WAN protocols are constantly being refined to come up with the fastest possible transmission and the highest possible uptime.  Frame Relay, Asynchronous Transfer Mode (ATM) and Multi-Protocol Label Switching (MPLS) are a succession of technologies that have shaped enterprise WAN connectivity for over a decade.  They have their strengths and weaknesses.  But it is difficult to build an enterprise WAN without one.

Some customers can’t get MPLS connectivity.  Or even Frame Relay for the matter.  Their locations are too remote or the cost of having the connection installed is far above the return on investment.  These customers are often forced to resort to consumer-class connections, like cable modems, Digital Subscriber Line (DSL), or even 4G/LTE modem uplinks.  While cheaper and easy to install, these solutions are often not as robust as their business-grade counterparts.  And when it comes to support on a down circuit…

Redefining the WAN

How does Software Defined WAN (SD-WAN) help?  SD-WAN technologies from companies like Silver Peak, CloudGenix, and Viptela function like overlay networks for the WAN.  They take the various inputs that you have, such as MPLS, cable, and 4G/LTE networks.  These inputs are then arranged in such a way as to allow you to intelligently program how traffic will behave on the links.  If you want only critical business traffic on the MPLS circuit during business hours you can do that.  If you want to ensure the 4G/LTE uplink is only used in the event of an emergency outage, you can do that too.  You can even program various costs and metrics into the system to help you make decisions about when a given link would be a better economic decision given the time of day or amount of transferred data.

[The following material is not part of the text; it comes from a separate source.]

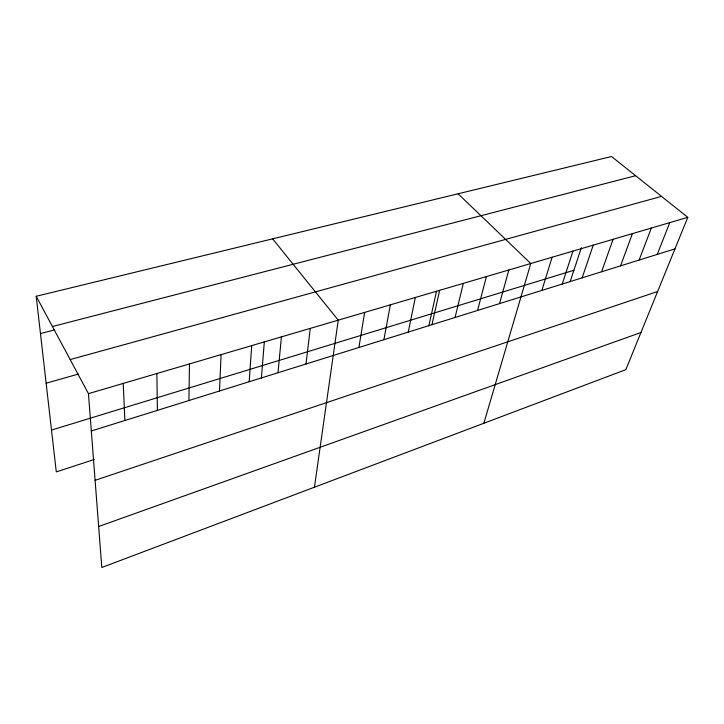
<?xml version="1.0" encoding="UTF-8"?>
<svg xmlns="http://www.w3.org/2000/svg" width="724" height="724" viewBox="0 0 724 724"><rect width="100%" height="100%" fill="white"/><g stroke="black" fill="none" stroke-linecap="round" stroke-linejoin="round"><path stroke-width="1.09" d="M188.91 400.526L189.48 363.937M219.499 390.987L221.073 354.633M249.183 381.72L251.708 345.629M261.364 378.489L264.351 341.447M278.007 372.733L281.419 336.886M306.008 363.991L310.252 328.397M314.433 487.216L338.253 320.162L272.622 238.839M358.896 347.493L364.661 312.397M383.901 339.692L390.345 304.84M408.246 332.099L415.332 297.483M428.843 325.827L436.509 291.211M431.957 324.696L439.649 290.333M455.061 317.492L463.333 283.365M477.578 310.46L486.392 276.577M499.533 303.609L508.863 269.971M483.858 423.259L530.764 263.527L458.084 193.788M541.851 290.414L552.113 257.246M562.24 284.052L572.937 251.119M570.096 281.745L581.372 247.653M582.141 277.835L593.246 245.146M601.581 271.772L613.074 239.309M620.568 265.853L632.423 233.617M639.111 260.061L651.319 228.06M657.247 254.405L669.772 222.63M687.8 217.327L625.826 369.665L101.794 567.489L88.455 393.648L36.2 296.279L611.518 156.511L687.8 217.327L88.455 393.648M98.654 526.529L640.948 332.497M95.106 480.311L657.618 291.528M94.247 459.514L56.282 471.885L36.2 296.279M91.324 430.979L674.967 248.875M51.504 430.065L573.897 270.269M46.146 383.213L78.445 374.046M70.174 359.575L661.519 196.376M40.463 333.574L54.608 329.891M52.436 326.524L635.609 175.715M123.225 383.421L124.872 420.508M156.882 373.521L157.389 410.363"/></g></svg>

You’re probably saying to yourself, “But I can do all of that today.” And you would be right. But all of this has to happen manually, or at the least require a lot of programming.  If you’ve ever tried to configure OER/PFR on a Cisco router you know what I’m talking about.  And that’s just one vendor’s equipment.  What if there are multiple devices in play?  How do you configure the edge routers for fifty sites?  What happens when a circuit goes down at 3 a.m.?  Having a simple interface for making decisions or even the ability to script actions based on inputs makes the system much more flexible and responsive.

It all comes down to a simple number for all parties involved.  For engineering, the amount of time spent configuring and maintaining complex WAN connectivity will be reduced.  Engineers love not needing to spend time on things.  For the decision makers (and bean counters), it all comes down to money.  SD-WAN technologies reduce costs by better utilizing existing infrastructure.  Eventually, their analysis can allow you to reduce or remove unnecessary connectivity.  That means more money in the pockets of the people that want the money.

Tom’s Take

I’ve referred to WAN applications as the “hello world” for SDN.  That’s because I saw so many people demoing them when SDN was first being talked about.  Cisco did this at Cisco Live 2012 in San Diego.  SD-WAN didn’t really become a concrete thing in my mind until is was the topic of discussion on the Spring ONUG meeting.  Those are the people with the money.  And they are looking at the cost savings and optimization from SD-WAN technologies.  You can better believe that the first wave of SD-WAN that you’ve seen in the last couple of months is just the precursor to a wider look at connectivity in general.  Better get ready to surf.